WASHINGTON: The US Federal Bureau of Investigation (FBI) on Sunday identified the Texas synagogue hostage-taker as a 44-year-old British citizen, Malik Faisal Akram, adding that apparently he was acting alone.
The crisis at the Beth Israel synagogue in Colleyville, Texas, ended on Saturday night when FBI agents raided the building, rescued all four hostages and killed the captor.
“Special Agent in-charge Mathew DeSarno of the FBI Field Office, Dallas, confirmed the identity of the Colleyville, Texas, hostage-taker as British citizen Malik Faisal Akram, 44,” said a brief statement issued by the Colleyville police.
In London, the slain gunman’s family issued a statement, saying: “We are absolutely devastated as a family” but “we can’t say much now as there is an ongoing FBI investigation”.
Malik’s brother Gulbar, who signed the statement, said that “we, as a family, do not condone any of his actions and would like to sincerely apologise wholeheartedly to all the victims involved in the unfortunate incident”.
The Colleyville police said the FBI’s Evidence Response Team will continue processing evidence at the synagogue but “at this time, there is no indication that other individuals are involved”.
The police said the FBI’s North Texas Joint Terrorism Task Force, which included member agencies from across the region, would continue to follow investigative leads and the FBI shooting incident review team would “conduct a thorough, factual and objective investigation of the events”.
In an earlier statement, the FBI had said that all four hostages were “unharmed, and the hostage-taking is not part of an ongoing threat”. The hostages included the synagogue’s rabbi Charlie Cytron-Walker.
“Prayers answered.

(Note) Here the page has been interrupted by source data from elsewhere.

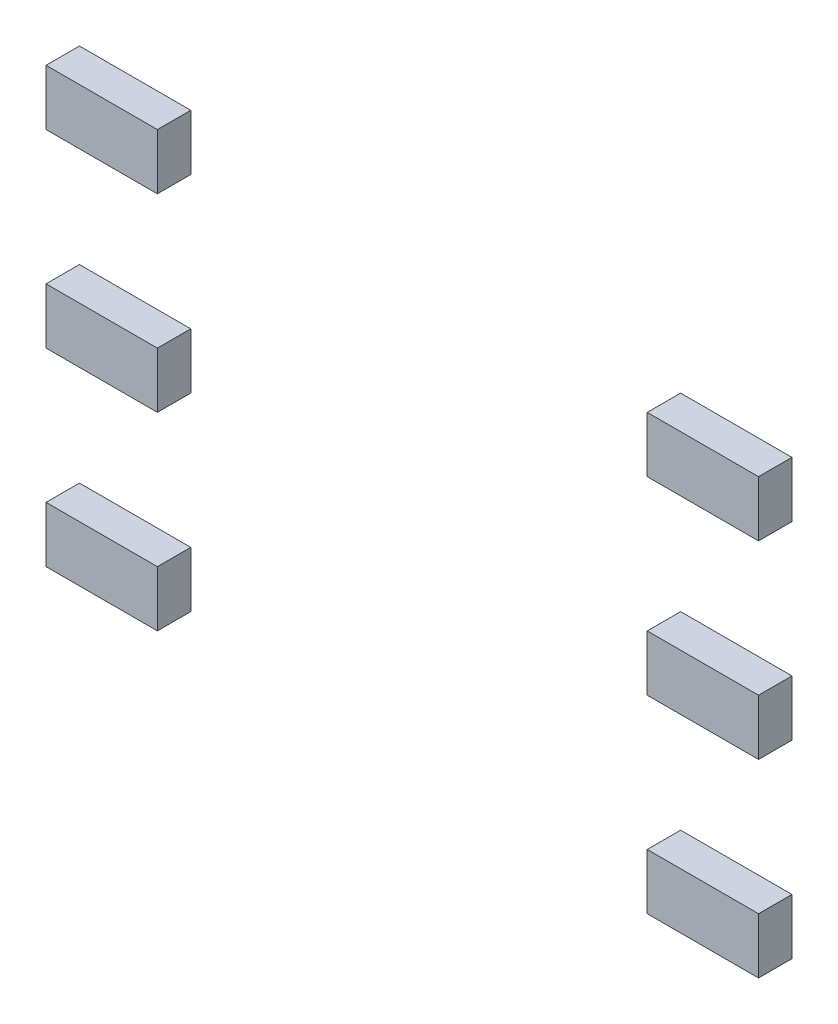
ISO-10303-21;
HEADER;
FILE_DESCRIPTION(('STEP AP214'),'2;1');
FILE_NAME('part.step','',(''),(''),'','','');
FILE_SCHEMA(('AUTOMOTIVE_DESIGN { 1 0 10303 214 1 1 1 1 }'));
ENDSEC;
DATA;
#1=APPLICATION_CONTEXT('core data for automotive mechanical design processes');
#2=APPLICATION_PROTOCOL_DEFINITION('international standard','automotive_design',2000,#1);
#3=PRODUCT_CONTEXT('',#1,'mechanical');
#4=PRODUCT('Part','Part','',(#3));
#5=PRODUCT_RELATED_PRODUCT_CATEGORY('part','',(#4));
#6=PRODUCT_DEFINITION_FORMATION('','',#4);
#7=PRODUCT_DEFINITION_CONTEXT('part definition',#1,'design');
#8=PRODUCT_DEFINITION('design','',#6,#7);
#9=PRODUCT_DEFINITION_SHAPE('','',#8);
#10=(LENGTH_UNIT() NAMED_UNIT(*) SI_UNIT(.MILLI.,.METRE.));
#11=(NAMED_UNIT(*) PLANE_ANGLE_UNIT() SI_UNIT($,.RADIAN.));
#12=(NAMED_UNIT(*) SI_UNIT($,.STERADIAN.) SOLID_ANGLE_UNIT());
#13=UNCERTAINTY_MEASURE_WITH_UNIT(LENGTH_MEASURE(1.E-05),#10,'distance_accuracy_value','');
#14=(GEOMETRIC_REPRESENTATION_CONTEXT(3) GLOBAL_UNCERTAINTY_ASSIGNED_CONTEXT((#13)) GLOBAL_UNIT_ASSIGNED_CONTEXT((#10,
#11,#12)) REPRESENTATION_CONTEXT('',''));
#15=CARTESIAN_POINT('',(0.,0.,0.));
#16=DIRECTION('',(0.,0.,1.));
#17=DIRECTION('',(1.,0.,0.));
#18=AXIS2_PLACEMENT_3D('',#15,#16,#17);
#19=CARTESIAN_POINT('',(-1.35,0.85,0.));
#20=DIRECTION('',(0.,0.,1.));
#21=DIRECTION('',(1.,0.,0.));
#22=AXIS2_PLACEMENT_3D('',#19,#20,#21);
#23=PLANE('',#22);
#24=DIRECTION('',(0.,-1.,0.));
#25=VECTOR('',#24,1.);
#26=CARTESIAN_POINT('',(-1.6,0.975,0.));
#27=LINE('',#26,#25);
#28=CARTESIAN_POINT('',(-1.6,0.975,0.));
#29=VERTEX_POINT('',#28);
#30=CARTESIAN_POINT('',(-1.6,0.725,0.));
#31=VERTEX_POINT('',#30);
#32=EDGE_CURVE('P0_E58',#29,#31,#27,.T.);
#33=ORIENTED_EDGE('',*,*,#32,.F.);
#34=DIRECTION('',(-1.,0.,0.));
#35=VECTOR('',#34,1.);
#36=CARTESIAN_POINT('',(-1.1,0.975,0.));
#37=LINE('',#36,#35);
#38=CARTESIAN_POINT('',(-1.1,0.975,0.));
#39=VERTEX_POINT('',#38);
#40=EDGE_CURVE('P0_E20',#39,#29,#37,.T.);
#41=ORIENTED_EDGE('',*,*,#40,.F.);
#42=DIRECTION('',(0.,1.,0.));
#43=VECTOR('',#42,1.);
#44=CARTESIAN_POINT('',(-1.1,0.725,0.));
#45=LINE('',#44,#43);
#46=CARTESIAN_POINT('',(-1.1,0.725,0.));
#47=VERTEX_POINT('',#46);
#48=EDGE_CURVE('P0_E88',#47,#39,#45,.T.);
#49=ORIENTED_EDGE('',*,*,#48,.F.);
#50=DIRECTION('',(1.,0.,0.));
#51=VECTOR('',#50,1.);
#52=CARTESIAN_POINT('',(-1.6,0.725,0.));
#53=LINE('',#52,#51);
#54=EDGE_CURVE('P0_E56',#31,#47,#53,.T.);
#55=ORIENTED_EDGE('',*,*,#54,.F.);
#56=EDGE_LOOP('',(#33,#41,#49,#55));
#57=FACE_BOUND('',#56,.T.);
#58=ADVANCED_FACE('P0_F17',(#57),#23,.F.);
#59=CARTESIAN_POINT('',(-1.1,0.975,0.));
#60=DIRECTION('',(0.,1.,0.));
#61=DIRECTION('',(-1.,0.,0.));
#62=AXIS2_PLACEMENT_3D('',#59,#60,#61);
#63=PLANE('',#62);
#64=DIRECTION('',(1.,0.,0.));
#65=VECTOR('',#64,1.);
#66=CARTESIAN_POINT('',(-1.35,0.975,0.15));
#67=LINE('',#66,#65);
#68=CARTESIAN_POINT('',(-1.1,0.975,0.15));
#69=VERTEX_POINT('',#68);
#70=CARTESIAN_POINT('',(-1.6,0.975,0.15));
#71=VERTEX_POINT('',#70);
#72=EDGE_CURVE('P0_E95',#69,#71,#67,.F.);
#73=ORIENTED_EDGE('',*,*,#72,.F.);
#74=DIRECTION('',(0.,0.,1.));
#75=VECTOR('',#74,1.);
#76=CARTESIAN_POINT('',(-1.1,0.975,0.));
#77=LINE('',#76,#75);
#78=EDGE_CURVE('P0_E70',#39,#69,#77,.T.);
#79=ORIENTED_EDGE('',*,*,#78,.F.);
#80=ORIENTED_EDGE('',*,*,#40,.T.);
#81=DIRECTION('',(0.,0.,1.));
#82=VECTOR('',#81,1.);
#83=CARTESIAN_POINT('',(-1.6,0.975,0.));
#84=LINE('',#83,#82);
#85=EDGE_CURVE('P0_E65',#71,#29,#84,.F.);
#86=ORIENTED_EDGE('',*,*,#85,.F.);
#87=EDGE_LOOP('',(#73,#79,#80,#86));
#88=FACE_BOUND('',#87,.T.);
#89=ADVANCED_FACE('P0_F67',(#88),#63,.T.);
#90=CARTESIAN_POINT('',(-1.6,0.975,0.));
#91=DIRECTION('',(-1.,0.,0.));
#92=DIRECTION('',(0.,-1.,0.));
#93=AXIS2_PLACEMENT_3D('',#90,#91,#92);
#94=PLANE('',#93);
#95=DIRECTION('',(0.,1.,0.));
#96=VECTOR('',#95,1.);
#97=CARTESIAN_POINT('',(-1.6,0.85,0.15));
#98=LINE('',#97,#96);
#99=CARTESIAN_POINT('',(-1.6,0.725,0.15));
#100=VERTEX_POINT('',#99);
#101=EDGE_CURVE('P0_E75',#71,#100,#98,.F.);
#102=ORIENTED_EDGE('',*,*,#101,.F.);
#103=ORIENTED_EDGE('',*,*,#85,.T.);
#104=ORIENTED_EDGE('',*,*,#32,.T.);
#105=DIRECTION('',(0.,0.,1.));
#106=VECTOR('',#105,1.);
#107=CARTESIAN_POINT('',(-1.6,0.725,0.));
#108=LINE('',#107,#106);
#109=EDGE_CURVE('P0_E83',#100,#31,#108,.F.);
#110=ORIENTED_EDGE('',*,*,#109,.F.);
#111=EDGE_LOOP('',(#102,#103,#104,#110));
#112=FACE_BOUND('',#111,.T.);
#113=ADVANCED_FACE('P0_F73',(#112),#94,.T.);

All hostages are out alive and safe,” Texas Governor Greg Abbott tweeted about 20 minutes after a large bang and gunfire were heard from the direction of the synagogue.
At 9pm, the local police informed Colleyville citizens that the FBI bomb techs were going to “dispose some ordinances on the scene” at Beth Israel. “There may be some loud noises in the next few minutes. There is no need for concern,” the statement added.
At 9:55pm, the police issued another statement, saying that “the situation in Colleyville is resolved and all hostages are safe”.
Later at a news briefing, Special Agent DeSarno said the hostage-taker was “singularly focused on one issue and it was not specifically related to the Jewish community”.
The FBI said their “negotiators were in near-constant communication with the captor before they decided to breach the synagogue”.
Soon afterwards, the local police confirmed that the captor, who earlier identified himself as Muhammad Siddiqui, was dead. During his negotiations with the FBI, the gunman also claimed that he was Aafia Siddiqui’s brother and demanded her release.
Dr Siddiqui, a Pakistani-American scientist, was sentenced to 86 years in prison by a New York court in 2010 for the attempted murder of US officers in Afghanistan.
However, the attorney who represents Dr Siddiqui said “she has absolutely no involvement with” the hostage-taking and the perpetrator was not Siddiqui’s brother.
“She does not want any violence perpetrated against any human being, especially in her name,” Marwa Elbially told CNN by phone. “It obviously has nothing to do with Dr Siddiqui or her family.”
“Whoever the assailant is, we want him to know that his actions are condemned by Dr Siddiqui and her family,” Elbially said. “We implore you to immediately release the hostages and turn yourself in.”
The episode ended more than 12 hours after the suspect entered the Congregation Beth Israel as the synagogue was livestreaming its Sabbath morning service on Facebook. The livestream captured part of the incident before it was removed.
Two law enforcement officials told CNN that investigators believed the perpetrator might have been motivated by a desire to get Dr Siddiqui released.
At the suspect’s request, the rabbi of the congregation called a well-known rabbi in New York City. The alleged invader, who had no connection with the rabbi, told the priest that Dr Siddiqui was framed, and he wanted her released.
US-based Muslim advocacy group CAIR, and Free Dr Aafia Movement also condemned the hostage-taking and said that her brother, who lives in Houston, Texas, had nothing to do with the incident.
John Floyd, who heads the Houston chapter of the Council on American-Islamic Relations (CAIR) and a legal counsel for Dr Siddiqui’s brother said: “This anti-Semitic attack against a house of worship is unacceptable. We stand in solidarity with the Jewish community.”
They also said that they wanted to “make it very well known that the hostage-taker is NOT Dr Aafia Siddiqui’s brother, who is not even in the area where this horrible incident took place. Dr Aafia Siddiqui and her family strongly condemn this act and do not stand by the perpetrator”.
They said that Dr Siddiqui’s family had always stood firm in advocating for the release of their sister from incarceration by legal and non-violent means only.
Before the media reported the suspect’s death, CAIR and the Dr Siddiqui family’s legal counsel urged him to “immediately release the hostages and turn yourself in”.